▶ _ASSIGNMENT_:
Without the pictures, output the records below exactly as they are.
=== MATERIAL FOR THIS TASK ===
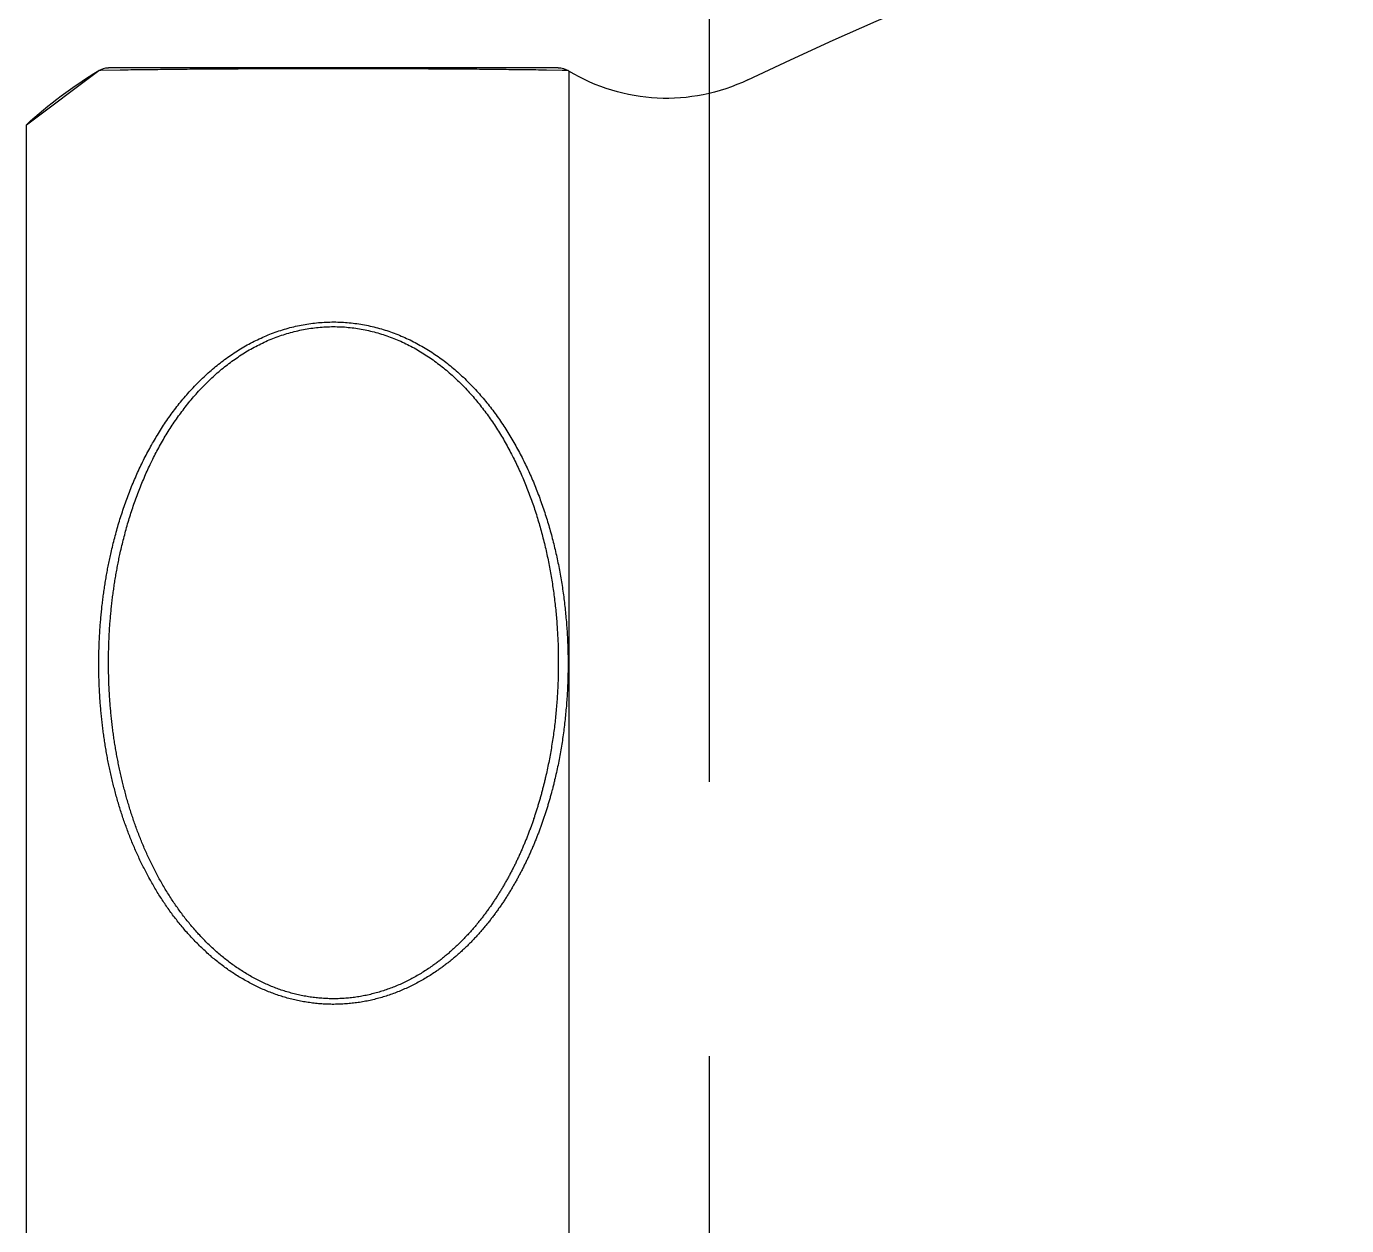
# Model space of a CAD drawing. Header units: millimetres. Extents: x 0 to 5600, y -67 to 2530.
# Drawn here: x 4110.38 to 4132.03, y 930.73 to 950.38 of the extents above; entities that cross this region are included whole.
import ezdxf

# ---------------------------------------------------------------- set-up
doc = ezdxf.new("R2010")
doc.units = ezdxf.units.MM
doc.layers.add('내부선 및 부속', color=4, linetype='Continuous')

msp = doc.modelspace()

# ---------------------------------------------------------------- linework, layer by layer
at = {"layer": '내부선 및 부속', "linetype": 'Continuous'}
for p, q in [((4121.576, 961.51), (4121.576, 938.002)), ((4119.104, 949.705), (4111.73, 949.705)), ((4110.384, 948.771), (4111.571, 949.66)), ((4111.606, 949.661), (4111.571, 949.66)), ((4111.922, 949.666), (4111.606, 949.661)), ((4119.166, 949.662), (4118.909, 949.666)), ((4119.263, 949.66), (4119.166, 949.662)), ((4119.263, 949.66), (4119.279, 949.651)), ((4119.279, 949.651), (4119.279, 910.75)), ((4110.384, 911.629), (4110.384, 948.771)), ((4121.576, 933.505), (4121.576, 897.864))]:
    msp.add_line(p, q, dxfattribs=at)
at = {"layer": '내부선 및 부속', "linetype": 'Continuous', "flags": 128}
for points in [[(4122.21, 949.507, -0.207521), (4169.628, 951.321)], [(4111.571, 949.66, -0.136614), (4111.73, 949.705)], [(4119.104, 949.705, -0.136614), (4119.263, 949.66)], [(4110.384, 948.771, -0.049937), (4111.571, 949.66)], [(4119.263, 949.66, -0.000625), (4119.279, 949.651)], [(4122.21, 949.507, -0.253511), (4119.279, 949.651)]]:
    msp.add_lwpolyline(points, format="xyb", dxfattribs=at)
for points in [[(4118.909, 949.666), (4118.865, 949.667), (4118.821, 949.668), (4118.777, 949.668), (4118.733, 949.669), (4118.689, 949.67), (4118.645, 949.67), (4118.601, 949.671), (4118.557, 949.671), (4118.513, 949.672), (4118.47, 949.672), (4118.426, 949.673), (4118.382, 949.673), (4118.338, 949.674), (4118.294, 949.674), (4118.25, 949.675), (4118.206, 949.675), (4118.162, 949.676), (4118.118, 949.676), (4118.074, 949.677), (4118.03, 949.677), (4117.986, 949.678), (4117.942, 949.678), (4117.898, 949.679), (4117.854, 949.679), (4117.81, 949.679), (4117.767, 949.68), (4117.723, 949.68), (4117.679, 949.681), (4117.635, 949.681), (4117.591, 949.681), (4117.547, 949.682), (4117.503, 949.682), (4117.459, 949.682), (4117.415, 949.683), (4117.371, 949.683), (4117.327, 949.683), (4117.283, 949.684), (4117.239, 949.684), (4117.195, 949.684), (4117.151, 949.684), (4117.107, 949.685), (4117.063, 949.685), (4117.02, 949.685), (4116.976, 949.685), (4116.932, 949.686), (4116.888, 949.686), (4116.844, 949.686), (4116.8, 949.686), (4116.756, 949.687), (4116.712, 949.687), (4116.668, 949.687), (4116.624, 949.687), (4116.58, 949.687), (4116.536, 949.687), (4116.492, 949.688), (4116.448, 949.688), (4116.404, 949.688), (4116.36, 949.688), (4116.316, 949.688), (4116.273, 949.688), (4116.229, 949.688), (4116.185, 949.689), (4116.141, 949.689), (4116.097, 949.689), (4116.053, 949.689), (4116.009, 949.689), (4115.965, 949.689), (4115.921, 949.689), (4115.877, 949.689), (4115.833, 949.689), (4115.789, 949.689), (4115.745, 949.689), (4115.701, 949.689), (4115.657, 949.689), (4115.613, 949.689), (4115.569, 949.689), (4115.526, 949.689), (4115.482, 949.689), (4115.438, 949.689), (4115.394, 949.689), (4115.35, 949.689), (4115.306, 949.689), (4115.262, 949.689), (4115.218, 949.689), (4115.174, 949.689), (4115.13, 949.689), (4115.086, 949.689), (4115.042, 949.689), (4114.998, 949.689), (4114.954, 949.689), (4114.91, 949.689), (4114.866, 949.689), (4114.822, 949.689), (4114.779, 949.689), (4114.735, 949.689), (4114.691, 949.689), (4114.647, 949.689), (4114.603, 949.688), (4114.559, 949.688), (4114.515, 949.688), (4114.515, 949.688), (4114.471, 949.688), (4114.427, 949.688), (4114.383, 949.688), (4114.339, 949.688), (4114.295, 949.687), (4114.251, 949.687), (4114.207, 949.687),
===
▶ _FINAL ANSWER_:
# Model space of a CAD drawing. Header units: millimetres. Extents: x 0 to 5600, y -67 to 2530.
# Drawn here: x 4110.38 to 4132.03, y 930.73 to 950.38 of the extents above; entities that cross this region are included whole.
import ezdxf

# ---------------------------------------------------------------- set-up
doc = ezdxf.new("R2010")
doc.units = ezdxf.units.MM
doc.layers.add('내부선 및 부속', color=4, linetype='Continuous')

msp = doc.modelspace()

# ---------------------------------------------------------------- linework, layer by layer
at = {"layer": '내부선 및 부속', "linetype": 'Continuous'}
for p, q in [((4121.576, 961.51), (4121.576, 938.002)), ((4119.104, 949.705), (4111.73, 949.705)), ((4110.384, 948.771), (4111.571, 949.66)), ((4111.606, 949.661), (4111.571, 949.66)), ((4111.922, 949.666), (4111.606, 949.661)), ((4119.166, 949.662), (4118.909, 949.666)), ((4119.263, 949.66), (4119.166, 949.662)), ((4119.263, 949.66), (4119.279, 949.651)), ((4119.279, 949.651), (4119.279, 910.75)), ((4110.384, 911.629), (4110.384, 948.771)), ((4121.576, 933.505), (4121.576, 897.864))]:
    msp.add_line(p, q, dxfattribs=at)
at = {"layer": '내부선 및 부속', "linetype": 'Continuous', "flags": 128}
for points in [[(4122.21, 949.507, -0.207521), (4169.628, 951.321)], [(4111.571, 949.66, -0.136614), (4111.73, 949.705)], [(4119.104, 949.705, -0.136614), (4119.263, 949.66)], [(4110.384, 948.771, -0.049937), (4111.571, 949.66)], [(4119.263, 949.66, -0.000625), (4119.279, 949.651)], [(4122.21, 949.507, -0.253511), (4119.279, 949.651)]]:
    msp.add_lwpolyline(points, format="xyb", dxfattribs=at)
for points in [[(4118.909, 949.666), (4118.865, 949.667), (4118.821, 949.668), (4118.777, 949.668), (4118.733, 949.669), (4118.689, 949.67), (4118.645, 949.67), (4118.601, 949.671), (4118.557, 949.671), (4118.513, 949.672), (4118.47, 949.672), (4118.426, 949.673), (4118.382, 949.673), (4118.338, 949.674), (4118.294, 949.674), (4118.25, 949.675), (4118.206, 949.675), (4118.162, 949.676), (4118.118, 949.676), (4118.074, 949.677), (4118.03, 949.677), (4117.986, 949.678), (4117.942, 949.678), (4117.898, 949.679), (4117.854, 949.679), (4117.81, 949.679), (4117.767, 949.68), (4117.723, 949.68), (4117.679, 949.681), (4117.635, 949.681), (4117.591, 949.681), (4117.547, 949.682), (4117.503, 949.682), (4117.459, 949.682), (4117.415, 949.683), (4117.371, 949.683), (4117.327, 949.683), (4117.283, 949.684), (4117.239, 949.684), (4117.195, 949.684), (4117.151, 949.684), (4117.107, 949.685), (4117.063, 949.685), (4117.02, 949.685), (4116.976, 949.685), (4116.932, 949.686), (4116.888, 949.686), (4116.844, 949.686), (4116.8, 949.686), (4116.756, 949.687), (4116.712, 949.687), (4116.668, 949.687), (4116.624, 949.687), (4116.58, 949.687), (4116.536, 949.687), (4116.492, 949.688), (4116.448, 949.688), (4116.404, 949.688), (4116.36, 949.688), (4116.316, 949.688), (4116.273, 949.688), (4116.229, 949.688), (4116.185, 949.689), (4116.141, 949.689), (4116.097, 949.689), (4116.053, 949.689), (4116.009, 949.689), (4115.965, 949.689), (4115.921, 949.689), (4115.877, 949.689), (4115.833, 949.689), (4115.789, 949.689), (4115.745, 949.689), (4115.701, 949.689), (4115.657, 949.689), (4115.613, 949.689), (4115.569, 949.689), (4115.526, 949.689), (4115.482, 949.689), (4115.438, 949.689), (4115.394, 949.689), (4115.35, 949.689), (4115.306, 949.689), (4115.262, 949.689), (4115.218, 949.689), (4115.174, 949.689), (4115.13, 949.689), (4115.086, 949.689), (4115.042, 949.689), (4114.998, 949.689), (4114.954, 949.689), (4114.91, 949.689), (4114.866, 949.689), (4114.822, 949.689), (4114.779, 949.689), (4114.735, 949.689), (4114.691, 949.689), (4114.647, 949.689), (4114.603, 949.688), (4114.559, 949.688), (4114.515, 949.688), (4114.515, 949.688), (4114.471, 949.688), (4114.427, 949.688), (4114.383, 949.688), (4114.339, 949.688), (4114.295, 949.687), (4114.251, 949.687), (4114.207, 949.687),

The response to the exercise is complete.